Conclude with one complete sentence per category that states a key evaluation challenge.

In [None]:

# This piece of code is already prefilled, run it to execute it and see the results.
# Supervised classification metrics template with placeholders.

from sklearn.metrics import accuracy_score, precision_score, recall_score, f1_score, roc_auc_score, average_precision_score

# Replace these placeholders with your real outputs.
y_true = [0,1,1,0,1,0,0,1,0,1]
y_pred_proba = [0.1,0.7,0.8,0.2,0.6,0.3,0.4,0.9,0.2,0.85]
threshold = 0.5
y_pred = [1 if p >= threshold else 0 for p in y_pred_proba]

print("Accuracy:", round(accuracy_score(y_true, y_pred), 4))
print("Precision:", round(precision_score(y_true, y_pred, zero_division=0), 4))
print("Recall:", round(recall_score(y_true, y_pred, zero_division=0), 4))
print("F1-score:", round(f1_score(y_true, y_pred, zero_division=0), 4))
print("ROC-AUC:", round(roc_auc_score(y_true, y_pred_proba), 4))
print("PR-AUC (Average Precision):", round(average_precision_score(y_true, y_pred_proba), 4))

Accuracy: 1.0
Precision: 1.0
Recall: 1.0
F1-score: 1.0
ROC-AUC: 1.0
PR-AUC (Average Precision): 1.0


In [None]:

# This piece of code is already prefilled, run it to execute it and see the results.
# Unsupervised clustering metrics template with synthetic data.

from sklearn.datasets import make_blobs
from sklearn.cluster import KMeans
from sklearn.metrics import silhouette_score

X, _ = make_blobs(n_samples=300, centers=3, random_state=42)
kmeans = KMeans(n_clusters=3, n_init="auto", random_state=42)
labels = kmeans.fit_predict(X)
sil = silhouette_score(X, labels)
print("Silhouette score (higher is better):", round(sil, 4))

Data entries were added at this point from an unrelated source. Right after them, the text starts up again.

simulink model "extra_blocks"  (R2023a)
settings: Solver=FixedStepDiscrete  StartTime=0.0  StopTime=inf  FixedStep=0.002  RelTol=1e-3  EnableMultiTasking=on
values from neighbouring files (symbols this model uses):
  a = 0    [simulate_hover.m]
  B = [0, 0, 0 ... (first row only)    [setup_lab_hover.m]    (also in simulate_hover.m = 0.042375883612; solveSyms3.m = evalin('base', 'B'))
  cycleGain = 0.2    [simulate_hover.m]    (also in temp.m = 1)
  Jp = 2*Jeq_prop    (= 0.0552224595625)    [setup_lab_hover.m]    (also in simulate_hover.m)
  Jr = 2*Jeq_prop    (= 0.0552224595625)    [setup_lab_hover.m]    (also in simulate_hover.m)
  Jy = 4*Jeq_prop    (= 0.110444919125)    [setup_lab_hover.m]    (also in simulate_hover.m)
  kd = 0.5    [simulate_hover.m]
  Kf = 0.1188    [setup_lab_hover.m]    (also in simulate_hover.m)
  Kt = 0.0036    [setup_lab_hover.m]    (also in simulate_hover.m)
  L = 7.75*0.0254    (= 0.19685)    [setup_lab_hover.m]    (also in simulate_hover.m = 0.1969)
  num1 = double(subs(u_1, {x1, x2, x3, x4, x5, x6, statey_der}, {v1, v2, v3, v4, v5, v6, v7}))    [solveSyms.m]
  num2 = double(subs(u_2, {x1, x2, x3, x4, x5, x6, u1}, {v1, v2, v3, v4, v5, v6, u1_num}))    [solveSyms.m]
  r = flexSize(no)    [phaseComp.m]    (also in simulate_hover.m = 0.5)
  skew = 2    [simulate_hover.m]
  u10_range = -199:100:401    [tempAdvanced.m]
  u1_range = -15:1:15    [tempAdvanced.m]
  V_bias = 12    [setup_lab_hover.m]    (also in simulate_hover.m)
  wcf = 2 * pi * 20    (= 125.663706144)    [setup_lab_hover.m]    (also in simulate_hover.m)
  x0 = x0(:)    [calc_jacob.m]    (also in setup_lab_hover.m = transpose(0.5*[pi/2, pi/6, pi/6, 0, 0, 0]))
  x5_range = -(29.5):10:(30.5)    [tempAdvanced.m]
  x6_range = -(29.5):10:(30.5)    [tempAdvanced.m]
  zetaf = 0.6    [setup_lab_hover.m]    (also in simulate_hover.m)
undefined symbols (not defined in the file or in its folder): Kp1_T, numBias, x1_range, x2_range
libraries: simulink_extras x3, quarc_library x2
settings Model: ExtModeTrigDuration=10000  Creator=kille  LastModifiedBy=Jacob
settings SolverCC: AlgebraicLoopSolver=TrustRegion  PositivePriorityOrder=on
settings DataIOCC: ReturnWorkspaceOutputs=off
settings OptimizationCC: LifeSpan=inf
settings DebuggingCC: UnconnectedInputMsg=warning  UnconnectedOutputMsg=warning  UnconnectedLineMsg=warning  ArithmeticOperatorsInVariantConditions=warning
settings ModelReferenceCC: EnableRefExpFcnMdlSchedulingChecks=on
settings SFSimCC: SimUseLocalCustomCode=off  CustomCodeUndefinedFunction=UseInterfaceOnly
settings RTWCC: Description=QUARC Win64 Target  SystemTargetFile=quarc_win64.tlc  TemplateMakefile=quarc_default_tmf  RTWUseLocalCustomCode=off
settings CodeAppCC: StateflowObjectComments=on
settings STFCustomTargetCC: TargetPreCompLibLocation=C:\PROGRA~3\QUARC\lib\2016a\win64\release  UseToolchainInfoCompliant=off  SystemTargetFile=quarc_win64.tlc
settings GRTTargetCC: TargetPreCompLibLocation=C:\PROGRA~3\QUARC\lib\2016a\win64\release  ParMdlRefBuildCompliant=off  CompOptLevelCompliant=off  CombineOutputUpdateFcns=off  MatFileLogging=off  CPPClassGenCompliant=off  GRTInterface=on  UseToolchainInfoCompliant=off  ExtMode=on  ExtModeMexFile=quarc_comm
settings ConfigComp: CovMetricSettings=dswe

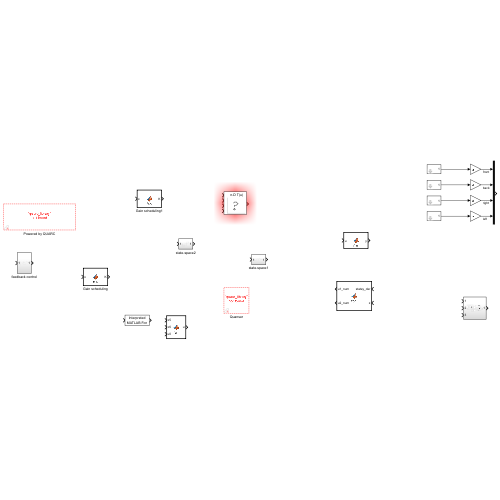
[thumbnail: Simulink's stored preview of the top-level diagram]
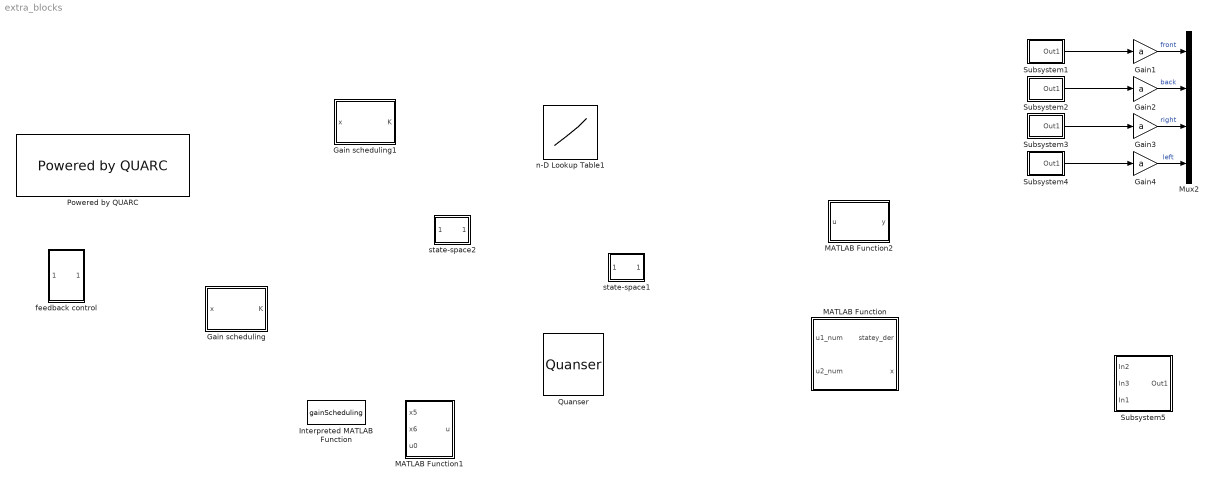
== system extra_blocks ==
  Gain scheduling : MATLAB Function  TreatAsAtomicUnit=on
  Gain scheduling1 : MATLAB Function  TreatAsAtomicUnit=on
  Gain{1..4} (4 alike) : Gain  Gain=a
  Interpreted MATLAB Function : MATLABFcn  MATLABFcn=gainScheduling  Output1D=off
  MATLAB Function : MATLAB Function  TreatAsAtomicUnit=on
  MATLAB Function1 : MATLAB Function  TreatAsAtomicUnit=on
  MATLAB Function2 : MATLAB Function  TreatAsAtomicUnit=on
  Mux2 : Mux
  Powered by QUARC : quarc_library/Logos/Powered by QUARC
  Quanser : quarc_library/Logos/Quanser
  Subsystem1 : Subsystem  mask{start_time=1, duration=1, amplitude=1}
      mask prompts: start_time "Start time"
  Subsystem2 : Subsystem  mask{start_time=6, duration=1, amplitude=1}
      mask prompts: start_time "Start time"
  Subsystem3 : Subsystem  mask{start_time=11, duration=1, amplitude=1}
      mask prompts: start_time "Start time"
  Subsystem4 : Subsystem  mask{start_time=16, duration=1, amplitude=1}
      mask prompts: start_time "Start time"
  Subsystem5 : Subsystem
  feedback control : Subsystem
  n-D Lookup Table1 : Lookup_n-D  NumberOfTableDimensions=4  BreakpointsForDimension1=x5_range  BreakpointsForDimension2=x6_range  BreakpointsForDimension3=u10_range  BreakpointsForDimension4=u20_range  Table=num2  InternalRulePriority=Speed  RndMeth=Simplest
      settings: InputPortMap=u0,u1,u2,u3
  state-space1 : Subsystem
  state-space2 : Subsystem
  wires:
  Subsystem2/1(Out1) -> Gain2/1
  Subsystem1/1(Out1) -> Gain1/1
  Subsystem3/1(Out1) -> Gain3/1
  Gain3/1 -> Mux2/3  "right"
  Gain4/1 -> Mux2/4  "left"
  Gain1/1 -> Mux2/1  "front"
  Gain2/1 -> Mux2/2  "back"
  Subsystem4/1(Out1) -> Gain4/1

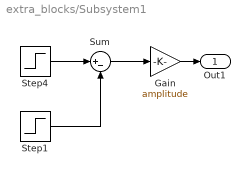
== system extra_blocks/Subsystem1 ==
  Gain : Gain  Gain=amplitude
  Step1 : Step  Time=start_time + duration  SampleTime=0
  Step4 : Step  Time=start_time  SampleTime=0
  Sum : Sum  Inputs=|+-
  Out1 : Outport
  wires:
  Gain/1 -> Out1/1
  Step1/1 -> Sum/2
  Step4/1 -> Sum/1
  Sum/1 -> Gain/1

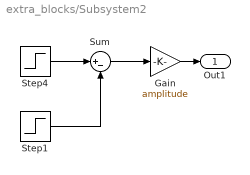
== system extra_blocks/Subsystem2 ==
  Gain : Gain  Gain=amplitude
  Step1 : Step  Time=start_time + duration  SampleTime=0
  Step4 : Step  Time=start_time  SampleTime=0
  Sum : Sum  Inputs=|+-
  Out1 : Outport
  wires:
  Gain/1 -> Out1/1
  Step1/1 -> Sum/2
  Step4/1 -> Sum/1
  Sum/1 -> Gain/1

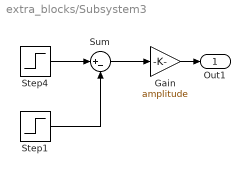
== system extra_blocks/Subsystem3 ==
  Gain : Gain  Gain=amplitude
  Step1 : Step  Time=start_time + duration  SampleTime=0
  Step4 : Step  Time=start_time  SampleTime=0
  Sum : Sum  Inputs=|+-
  Out1 : Outport
  wires:
  Gain/1 -> Out1/1
  Step1/1 -> Sum/2
  Step4/1 -> Sum/1
  Sum/1 -> Gain/1

== system extra_blocks/Subsystem4 ==
  Gain : Gain  Gain=amplitude
  Step1 : Step  Time=start_time + duration  SampleTime=0
  Step4 : Step  Time=start_time  SampleTime=0
  Sum : Sum  Inputs=|+-
  Out1 : Outport
  wires:
  Gain/1 -> Out1/1
  Step1/1 -> Sum/2
  Step4/1 -> Sum/1
  Sum/1 -> Gain/1

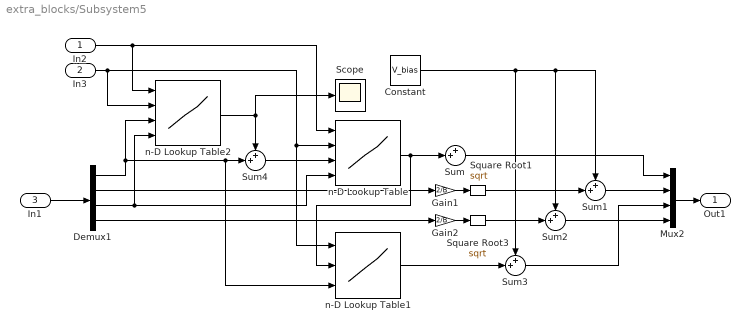
== system extra_blocks/Subsystem5 ==
  In2 : Inport
  In3 : Inport  Port=2
  In1 : Inport  Port=3
  Constant : Constant  Value=V_bias
  Demux1 : Demux
  Gain1 : Gain  Gain=2/B
  Gain2 : Gain  Gain=2/B
  Mux2 : Mux
  Scope : Scope
  Square Root1 : Sqrt
  Square Root3 : Sqrt
  Sum{,1..4} (5 alike) : Sum  Inputs=++|
  n-D Lookup Table : Lookup_n-D  NumberOfTableDimensions=4  BreakpointsForDimension1=x5_range  BreakpointsForDimension2=x6_range  BreakpointsForDimension3=u10_range  BreakpointsForDimension4=u20_range  Table=num1  InternalRulePriority=Speed  RndMeth=Simplest
      settings: InputPortMap=u0,u1,u2,u3
  n-D Lookup Table1 : Lookup_n-D  NumberOfTableDimensions=3  BreakpointsForDimension1=x6_range  BreakpointsForDimension2=u1_range  BreakpointsForDimension3=u10_range  BreakpointsForDimension4=u20_range  Table=num2  InternalRulePriority=Speed  RndMeth=Simplest
      settings: InputPortMap=u0,u1,u2
  n-D Lookup Table2 : Lookup_n-D  NumberOfTableDimensions=4  BreakpointsForDimension1=x5_range  BreakpointsForDimension2=x6_range  BreakpointsForDimension3=u10_range  BreakpointsForDimension4=u20_range  Table=numBias  InternalRulePriority=Speed  RndMeth=Simplest
      settings: InputPortMap=u0,u1,u2,u3
  Out1 : Outport
  wires:
  Demux1/2 -> Gain1/1
  In3/1 -> n-D Lookup Table2/2, n-D Lookup Table1/1, n-D Lookup Table/2
  n-D Lookup Table/1 -> Sum/2, n-D Lookup Table1/2
  Mux2/1 -> Out1/1
  Demux1/3 -> n-D Lookup Table2/4, n-D Lookup Table/4
  Gain2/1 -> Square Root3/1
  Demux1/4 -> Gain2/1
  In2/1 -> n-D Lookup Table2/1, n-D Lookup Table/1
  Gain1/1 -> Square Root1/1
  In1/1 -> Demux1/1
  Sum/1 -> Mux2/1
  Square Root3/1 -> Sum2/2
  Sum2/1 -> Mux2/4
  Square Root1/1 -> Sum1/2
  Sum1/1 -> Mux2/2
  Constant/1 -> Sum3/1, Sum2/1, Sum1/1
  Demux1/1 -> n-D Lookup Table1/3, Sum4/2, n-D Lookup Table2/3
  n-D Lookup Table2/1 -> Scope/1, Sum4/1
  n-D Lookup Table1/1 -> Sum3/2
  Sum3/1 -> Mux2/3
  Sum4/1 -> n-D Lookup Table/3

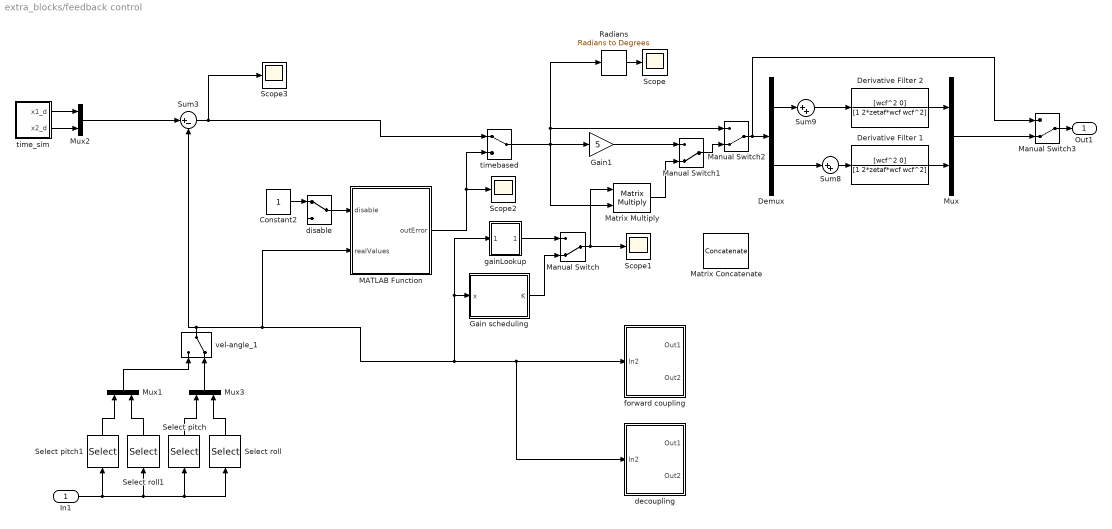
== system extra_blocks/feedback control ==
  In1 : Inport
  Constant2 : Constant
  Demux : Demux  Outputs=2
  Derivative Filter 1 : TransferFcn  Numerator=[wcf^2 0]  Denominator=[1 2*zetaf*wcf wcf^2]
  Derivative Filter 2 : TransferFcn  Numerator=[wcf^2 0]  Denominator=[1 2*zetaf*wcf wcf^2]
  Gain scheduling : MATLAB Function  TreatAsAtomicUnit=on
  Gain1 : Gain  Gain=5
  MATLAB Function : MATLAB Function  TreatAsAtomicUnit=on
  Manual Switch{,1..3} (4 alike) : ManualSwitch  CurrentSetting=0
  Matrix Concatenate : Concatenate  Mode=Multidimensional array  ConcatenateDimension=2
  Matrix Multiply : Product  Multiplication=Matrix(*)
  Mux{,1..3} (4 alike) : Mux  Inputs=2
  Radians : simulink_extras/Transformations/Radians to Degrees
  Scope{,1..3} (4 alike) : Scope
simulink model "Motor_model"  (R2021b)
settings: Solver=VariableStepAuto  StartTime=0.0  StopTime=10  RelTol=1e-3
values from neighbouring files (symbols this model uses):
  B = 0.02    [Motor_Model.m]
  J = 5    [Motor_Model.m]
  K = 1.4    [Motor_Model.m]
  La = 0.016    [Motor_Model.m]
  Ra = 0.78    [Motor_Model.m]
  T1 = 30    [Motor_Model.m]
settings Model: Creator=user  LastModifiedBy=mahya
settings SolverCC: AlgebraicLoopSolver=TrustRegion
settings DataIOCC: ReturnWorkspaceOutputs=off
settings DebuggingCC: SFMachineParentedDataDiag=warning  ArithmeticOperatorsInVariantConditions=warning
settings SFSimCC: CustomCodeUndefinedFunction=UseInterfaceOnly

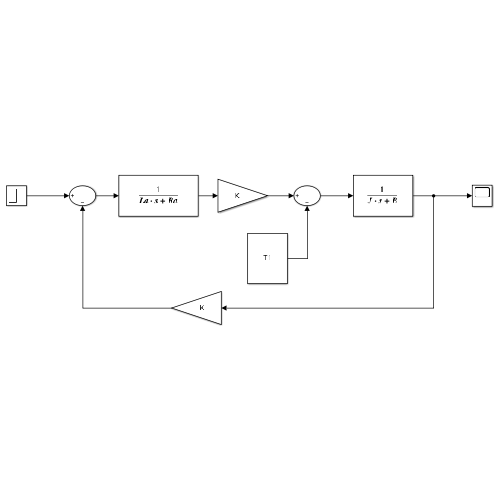
[thumbnail: Simulink's stored preview of the top-level diagram]
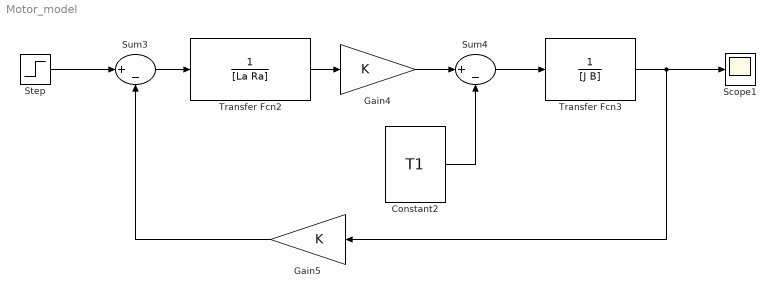
== system Motor_model ==
  Constant2 : Constant  Value=T1
  Gain4 : Gain  Gain=K
  Gain5 : Gain  Gain=K
  Scope1 : Scope
  Step : Step  After=240  SampleTime=0
  Sum3 : Sum  Inputs=|+-
  Sum4 : Sum  Inputs=|+-
  Transfer Fcn2 : TransferFcn  Denominator=[La Ra]
  Transfer Fcn3 : TransferFcn  Denominator=[J B]
  wires:
  Gain5/1 -> Sum3/2
  Constant2/1 -> Sum4/2
  Sum3/1 -> Transfer Fcn2/1
  Gain4/1 -> Sum4/1
  Sum4/1 -> Transfer Fcn3/1
  Transfer Fcn2/1 -> Gain4/1
  Transfer Fcn3/1 -> Scope1/1, Gain5/1
  Step/1 -> Sum3/1
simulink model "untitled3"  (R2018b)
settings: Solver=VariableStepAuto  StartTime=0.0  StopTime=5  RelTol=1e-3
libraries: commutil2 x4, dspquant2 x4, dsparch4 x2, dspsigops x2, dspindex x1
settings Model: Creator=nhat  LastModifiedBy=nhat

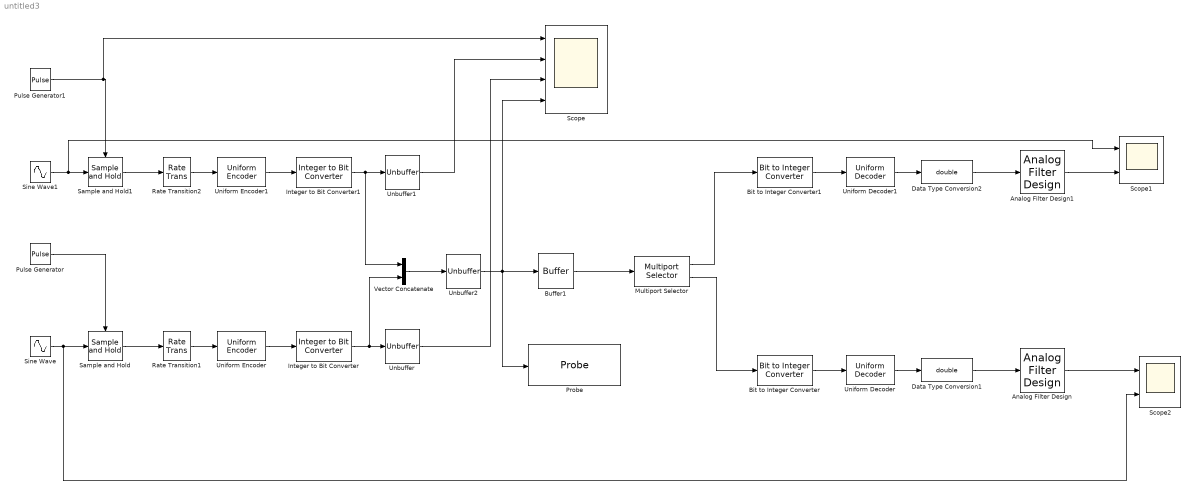
== system untitled3 ==
  Analog Filter Design : dsparch4/Analog Filter Design  method=Butterworth  filttype=Lowpass  N=8  Wlo=3100*2*pi  Whi=80  Rp=2  Rs=40
  Analog Filter Design1 : dsparch4/Analog Filter Design  method=Butterworth  filttype=Lowpass  N=8  Wlo=3100*2*pi  Whi=80  Rp=2  Rs=40
  Bit to Integer Converter : commutil2/Bit to Integer Converter  nbits=8  bitOrder=MSB first  signedOutputValues=Unsigned  outDtype=Inherit via internal rule  outDtypeSigned=Inherit via internal rule
  Bit to Integer Converter1 : commutil2/Bit to Integer Converter  nbits=8  bitOrder=MSB first  signedOutputValues=Unsigned  outDtype=Inherit via internal rule  outDtypeSigned=Inherit via internal rule
  Buffer1 : Buffer  N=16  OutputFrames=off
  Data Type Conversion1 : DataTypeConversion  OutDataTypeStr=double
  Data Type Conversion2 : DataTypeConversion  OutDataTypeStr=double
  Integer to Bit Converter : commutil2/Integer to Bit Converter  nbits=8  signedInputValues=Unsigned  bitOrder=MSB first  outDtype=Inherit via internal rule
  Integer to Bit Converter1 : commutil2/Integer to Bit Converter  nbits=8  signedInputValues=Unsigned  bitOrder=MSB first  outDtype=Inherit via internal rule
  Multiport Selector : dspindex/Multiport Selector  rowsOrCols=Rows  idxCellArray={ [1:8], [9: 16] }  idxErrMode=Clip Index
  Probe : Probe  ProbeSignalDimensions=on  ProbeWidthDataType=Same as input  ProbeSampleTimeDataType=Same as input  ProbeComplexityDataType=Same as input  ProbeDimensionsDataType=Same as input
  Pulse Generator : DiscretePulseGenerator  PulseType=Time based  Period=1/8000  PulseWidth=50
  Pulse Generator1 : DiscretePulseGenerator  PulseType=Time based  Period=1/8000  PulseWidth=50
  Rate Transition1 : RateTransition  OutPortSampleTime=1/8000
  Rate Transition2 : RateTransition  OutPortSampleTime=1/8000
  Sample and Hold : dspsigops/Sample and Hold  trig=Rising edge  initCond=0  latchinput=off
  Sample and Hold1 : dspsigops/Sample and Hold  trig=Rising edge  initCond=0  latchinput=off
  Scope : Scope  NumInputPorts=4
  Scope1 : Scope  NumInputPorts=2
  Scope2 : Scope  NumInputPorts=2
  Sine Wave : Sin  Frequency=3000*2*pi  SampleTime=1/64000
  Sine Wave1 : Sin  Frequency=3000*2*pi  SampleTime=1/64000
  Unbuffer : Unbuffer
  Unbuffer1 : Unbuffer
  Unbuffer2 : Unbuffer
  Uniform Decoder : dspquant2/Uniform Decoder  peak=1  bits=8  overflowMode=Saturate  otype=Double
      settings: SourceProductName=DSP System Toolbox  SourceProductBaseCode=DS
  Uniform Decoder1 : dspquant2/Uniform Decoder  peak=1  bits=8  overflowMode=Saturate  otype=Double
      settings: SourceProductName=DSP System Toolbox  SourceProductBaseCode=DS
  Uniform Encoder : dspquant2/Uniform Encoder  peak=1  bits=8  otype=Unsigned integer
      settings: SourceProductName=DSP System Toolbox
  Uniform Encoder1 : dspquant2/Uniform Encoder  peak=1  bits=8  otype=Unsigned integer
      settings: SourceProductName=DSP System Toolbox
  Vector Concatenate : Concatenate
  wires:
  Bit to Integer Converter/1 -> Uniform Decoder/1
  Uniform Encoder/1 -> Integer to Bit Converter/1
  Integer to Bit Converter/1 -> Vector Concatenate/2, Unbuffer/1
  Rate Transition1/1 -> Uniform Encoder/1
  Sample and Hold/1 -> Rate Transition1/1
  Pulse Generator/1 -> Sample and Hold/Trigger
  Sine Wave/1 -> Scope2/2, Sample and Hold/1
  Multiport Selector/2 -> Bit to Integer Converter/1
  Uniform Decoder/1 -> Data Type Conversion1/1
  Data Type Conversion1/1 -> Analog Filter Design/1
  Sample and Hold1/1 -> Rate Transition2/1
  Integer to Bit Converter1/1 -> Vector Concatenate/1, Unbuffer1/1
  Pulse Generator1/1 -> Scope/1, Sample and Hold1/Trigger
  Rate Transition2/1 -> Uniform Encoder1/1
  Uniform Encoder1/1 -> Integer to Bit Converter1/1
  Sine Wave1/1 -> Scope1/1, Sample and Hold1/1
  Vector Concatenate/1 -> Unbuffer2/1
  Unbuffer2/1 -> Scope/4, Probe/1, Buffer1/1
  Buffer1/1 -> Multiport Selector/1
  Unbuffer/1 -> Scope/3
  Unbuffer1/1 -> Scope/2
  Uniform Decoder1/1 -> Data Type Conversion2/1
  Data Type Conversion2/1 -> Analog Filter Design1/1
  Multiport Selector/1 -> Bit to Integer Converter1/1
  Bit to Integer Converter1/1 -> Uniform Decoder1/1
  Analog Filter Design1/1 -> Scope1/2
  Analog Filter Design/1 -> Scope2/1

print("Please explain in complete sentences when you would use the elbow method and how you would interpret it.")

Silhouette score (higher is better): 0.848
Please explain in complete sentences when you would use the elbow method and how you would interpret it.


### My answer

For supervised models, I would use cross-validation and report accuracy, precision, recall, F1-score, ROC-AUC, and PR-AUC, with class imbalance as the main challenge.

For unsupervised models, I would use silhouette score and the elbow method to evaluate clusters, with the main challenge being the lack of labels.

For reinforcement learning, I would track cumulative reward and convergence while balancing exploration and exploitation, with unstable training as the main challenge.